Please take the lines from the one holding "#12=(NAMED_UNIT(*) SI_UNIT($,.STERADIAN.) SOLID_ANGLE_UNIT());" through the one holding "#32=ORIENTED_EDGE('',*,*,#31,.T.);" in the data below and copy them exactly.

• Source data:
________
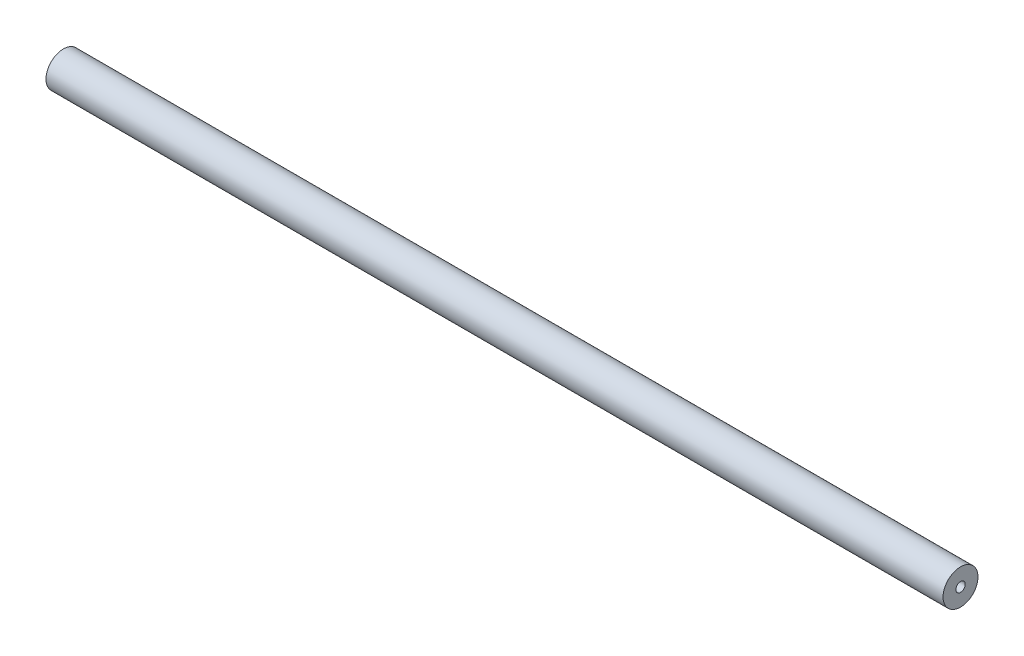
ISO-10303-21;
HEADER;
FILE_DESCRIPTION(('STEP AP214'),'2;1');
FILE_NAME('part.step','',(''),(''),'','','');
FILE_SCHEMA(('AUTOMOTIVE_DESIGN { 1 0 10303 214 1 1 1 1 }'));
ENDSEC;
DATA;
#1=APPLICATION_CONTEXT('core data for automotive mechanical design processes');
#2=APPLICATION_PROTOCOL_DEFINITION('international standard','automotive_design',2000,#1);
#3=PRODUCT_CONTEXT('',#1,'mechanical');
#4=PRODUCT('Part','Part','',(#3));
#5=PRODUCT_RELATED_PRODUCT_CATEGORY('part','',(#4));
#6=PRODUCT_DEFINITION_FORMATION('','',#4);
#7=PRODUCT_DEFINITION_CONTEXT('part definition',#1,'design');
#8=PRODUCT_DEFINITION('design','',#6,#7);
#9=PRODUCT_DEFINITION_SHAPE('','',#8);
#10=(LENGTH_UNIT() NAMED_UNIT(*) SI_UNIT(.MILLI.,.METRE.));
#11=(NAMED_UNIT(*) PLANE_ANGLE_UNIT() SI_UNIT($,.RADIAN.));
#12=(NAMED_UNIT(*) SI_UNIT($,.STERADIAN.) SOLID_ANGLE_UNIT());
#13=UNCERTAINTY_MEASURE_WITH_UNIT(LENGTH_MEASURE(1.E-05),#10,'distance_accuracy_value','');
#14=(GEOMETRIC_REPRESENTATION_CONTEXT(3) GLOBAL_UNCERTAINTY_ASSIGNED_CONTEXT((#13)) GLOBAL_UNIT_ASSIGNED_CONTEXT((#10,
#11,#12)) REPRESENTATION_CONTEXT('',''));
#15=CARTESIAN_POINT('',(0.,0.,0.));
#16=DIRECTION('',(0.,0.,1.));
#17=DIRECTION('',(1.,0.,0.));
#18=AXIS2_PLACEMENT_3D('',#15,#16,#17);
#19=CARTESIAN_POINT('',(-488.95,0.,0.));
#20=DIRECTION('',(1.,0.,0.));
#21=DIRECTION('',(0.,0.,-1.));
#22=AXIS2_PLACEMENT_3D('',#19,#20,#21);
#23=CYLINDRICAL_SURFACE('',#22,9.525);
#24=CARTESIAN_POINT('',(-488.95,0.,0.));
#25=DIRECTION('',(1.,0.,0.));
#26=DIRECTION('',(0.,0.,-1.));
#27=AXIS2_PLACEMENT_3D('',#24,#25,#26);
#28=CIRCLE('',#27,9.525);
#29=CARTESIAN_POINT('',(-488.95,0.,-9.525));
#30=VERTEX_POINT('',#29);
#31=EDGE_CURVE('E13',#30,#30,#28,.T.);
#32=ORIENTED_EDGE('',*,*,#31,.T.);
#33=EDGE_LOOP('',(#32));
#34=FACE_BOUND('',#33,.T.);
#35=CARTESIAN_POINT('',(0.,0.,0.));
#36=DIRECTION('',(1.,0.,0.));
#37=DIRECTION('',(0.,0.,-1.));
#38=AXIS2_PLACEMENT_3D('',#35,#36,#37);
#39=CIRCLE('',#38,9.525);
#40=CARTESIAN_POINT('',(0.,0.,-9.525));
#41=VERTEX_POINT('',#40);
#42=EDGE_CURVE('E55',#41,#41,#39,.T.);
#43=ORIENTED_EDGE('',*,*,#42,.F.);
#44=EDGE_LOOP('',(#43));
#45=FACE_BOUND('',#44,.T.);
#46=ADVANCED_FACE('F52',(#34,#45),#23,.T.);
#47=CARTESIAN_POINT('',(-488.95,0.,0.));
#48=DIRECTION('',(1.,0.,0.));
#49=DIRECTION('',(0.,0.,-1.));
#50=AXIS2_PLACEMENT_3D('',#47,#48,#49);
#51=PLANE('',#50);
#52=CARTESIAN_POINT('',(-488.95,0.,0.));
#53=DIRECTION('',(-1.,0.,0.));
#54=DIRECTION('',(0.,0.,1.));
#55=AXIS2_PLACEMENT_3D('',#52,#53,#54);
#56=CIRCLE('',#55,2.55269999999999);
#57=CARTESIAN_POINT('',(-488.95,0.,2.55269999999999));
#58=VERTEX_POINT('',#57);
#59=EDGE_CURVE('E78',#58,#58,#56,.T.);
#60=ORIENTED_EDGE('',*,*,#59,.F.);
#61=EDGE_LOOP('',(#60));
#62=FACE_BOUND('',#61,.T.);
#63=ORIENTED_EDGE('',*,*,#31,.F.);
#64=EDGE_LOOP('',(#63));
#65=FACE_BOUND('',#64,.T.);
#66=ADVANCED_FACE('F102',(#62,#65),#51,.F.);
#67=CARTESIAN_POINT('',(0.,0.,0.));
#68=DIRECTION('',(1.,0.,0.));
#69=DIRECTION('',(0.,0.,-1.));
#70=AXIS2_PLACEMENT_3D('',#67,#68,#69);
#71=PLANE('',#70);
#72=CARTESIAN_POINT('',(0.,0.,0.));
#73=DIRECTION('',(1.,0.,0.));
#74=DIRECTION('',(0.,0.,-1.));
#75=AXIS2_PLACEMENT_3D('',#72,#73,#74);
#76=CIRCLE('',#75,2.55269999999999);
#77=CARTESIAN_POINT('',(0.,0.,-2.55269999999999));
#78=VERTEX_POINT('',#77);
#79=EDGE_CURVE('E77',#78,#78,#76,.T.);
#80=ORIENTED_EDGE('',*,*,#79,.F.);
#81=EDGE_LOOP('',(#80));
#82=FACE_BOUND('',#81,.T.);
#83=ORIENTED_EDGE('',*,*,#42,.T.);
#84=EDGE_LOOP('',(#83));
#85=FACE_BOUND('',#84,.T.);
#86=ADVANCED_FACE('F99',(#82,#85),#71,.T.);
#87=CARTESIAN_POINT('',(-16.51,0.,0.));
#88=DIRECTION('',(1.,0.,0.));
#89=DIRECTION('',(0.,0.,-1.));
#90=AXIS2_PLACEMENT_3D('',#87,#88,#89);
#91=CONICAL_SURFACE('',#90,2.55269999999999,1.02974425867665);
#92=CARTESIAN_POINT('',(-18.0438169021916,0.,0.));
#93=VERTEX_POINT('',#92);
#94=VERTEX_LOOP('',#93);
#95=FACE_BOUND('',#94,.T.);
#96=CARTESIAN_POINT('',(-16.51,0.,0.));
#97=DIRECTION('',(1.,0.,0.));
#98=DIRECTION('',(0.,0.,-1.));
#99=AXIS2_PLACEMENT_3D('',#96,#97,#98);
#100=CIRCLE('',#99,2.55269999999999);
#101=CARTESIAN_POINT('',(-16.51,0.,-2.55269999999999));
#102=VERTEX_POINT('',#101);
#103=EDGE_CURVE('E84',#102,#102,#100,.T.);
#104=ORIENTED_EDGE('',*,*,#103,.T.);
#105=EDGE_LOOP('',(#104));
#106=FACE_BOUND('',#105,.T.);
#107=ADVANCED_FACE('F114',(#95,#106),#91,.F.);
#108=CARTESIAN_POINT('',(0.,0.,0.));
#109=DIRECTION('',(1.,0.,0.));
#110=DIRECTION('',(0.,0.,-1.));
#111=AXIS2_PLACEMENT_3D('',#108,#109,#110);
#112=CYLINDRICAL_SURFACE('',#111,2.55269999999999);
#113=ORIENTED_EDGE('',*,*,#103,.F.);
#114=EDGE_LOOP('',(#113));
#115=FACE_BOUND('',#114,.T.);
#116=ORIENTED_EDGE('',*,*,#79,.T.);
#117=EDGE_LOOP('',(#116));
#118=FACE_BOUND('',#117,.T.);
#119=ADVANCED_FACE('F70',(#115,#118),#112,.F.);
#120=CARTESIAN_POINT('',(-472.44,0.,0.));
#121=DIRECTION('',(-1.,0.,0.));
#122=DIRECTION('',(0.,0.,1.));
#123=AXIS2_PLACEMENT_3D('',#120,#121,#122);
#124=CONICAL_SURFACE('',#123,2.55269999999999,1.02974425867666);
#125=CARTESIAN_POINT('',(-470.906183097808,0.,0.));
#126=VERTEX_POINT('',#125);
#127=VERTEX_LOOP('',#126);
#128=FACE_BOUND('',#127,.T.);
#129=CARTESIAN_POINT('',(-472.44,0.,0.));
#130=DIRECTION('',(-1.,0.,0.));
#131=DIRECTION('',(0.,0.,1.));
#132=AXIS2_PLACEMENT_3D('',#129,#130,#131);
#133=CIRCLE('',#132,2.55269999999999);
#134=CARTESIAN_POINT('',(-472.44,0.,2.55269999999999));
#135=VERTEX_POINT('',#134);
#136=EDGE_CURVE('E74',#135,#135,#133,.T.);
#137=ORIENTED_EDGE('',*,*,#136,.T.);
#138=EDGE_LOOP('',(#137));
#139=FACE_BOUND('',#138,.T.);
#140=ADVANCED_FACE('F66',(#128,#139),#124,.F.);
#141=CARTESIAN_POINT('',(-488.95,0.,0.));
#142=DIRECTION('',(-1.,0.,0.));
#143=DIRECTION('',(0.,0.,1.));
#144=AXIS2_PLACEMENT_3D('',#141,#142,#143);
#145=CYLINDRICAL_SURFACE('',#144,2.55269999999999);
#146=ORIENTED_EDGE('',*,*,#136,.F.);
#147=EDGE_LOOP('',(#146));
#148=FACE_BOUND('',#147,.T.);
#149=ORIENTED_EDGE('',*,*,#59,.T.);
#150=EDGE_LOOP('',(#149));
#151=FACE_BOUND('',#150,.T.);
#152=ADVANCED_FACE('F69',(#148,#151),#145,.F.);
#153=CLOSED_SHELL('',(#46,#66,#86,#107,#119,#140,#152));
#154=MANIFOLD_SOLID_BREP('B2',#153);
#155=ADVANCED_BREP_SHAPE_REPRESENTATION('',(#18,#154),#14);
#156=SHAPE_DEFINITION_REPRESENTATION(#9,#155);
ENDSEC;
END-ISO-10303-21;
________
• Answer to the exercise:
#12=(NAMED_UNIT(*) SI_UNIT($,.STERADIAN.) SOLID_ANGLE_UNIT());
#13=UNCERTAINTY_MEASURE_WITH_UNIT(LENGTH_MEASURE(1.E-05),#10,'distance_accuracy_value','');
#14=(GEOMETRIC_REPRESENTATION_CONTEXT(3) GLOBAL_UNCERTAINTY_ASSIGNED_CONTEXT((#13)) GLOBAL_UNIT_ASSIGNED_CONTEXT((#10,
#11,#12)) REPRESENTATION_CONTEXT('',''));
#15=CARTESIAN_POINT('',(0.,0.,0.));
#16=DIRECTION('',(0.,0.,1.));
#17=DIRECTION('',(1.,0.,0.));
#18=AXIS2_PLACEMENT_3D('',#15,#16,#17);
#19=CARTESIAN_POINT('',(-488.95,0.,0.));
#20=DIRECTION('',(1.,0.,0.));
#21=DIRECTION('',(0.,0.,-1.));
#22=AXIS2_PLACEMENT_3D('',#19,#20,#21);
#23=CYLINDRICAL_SURFACE('',#22,9.525);
#24=CARTESIAN_POINT('',(-488.95,0.,0.));
#25=DIRECTION('',(1.,0.,0.));
#26=DIRECTION('',(0.,0.,-1.));
#27=AXIS2_PLACEMENT_3D('',#24,#25,#26);
#28=CIRCLE('',#27,9.525);
#29=CARTESIAN_POINT('',(-488.95,0.,-9.525));
#30=VERTEX_POINT('',#29);
#31=EDGE_CURVE('E13',#30,#30,#28,.T.);
#32=ORIENTED_EDGE('',*,*,#31,.T.);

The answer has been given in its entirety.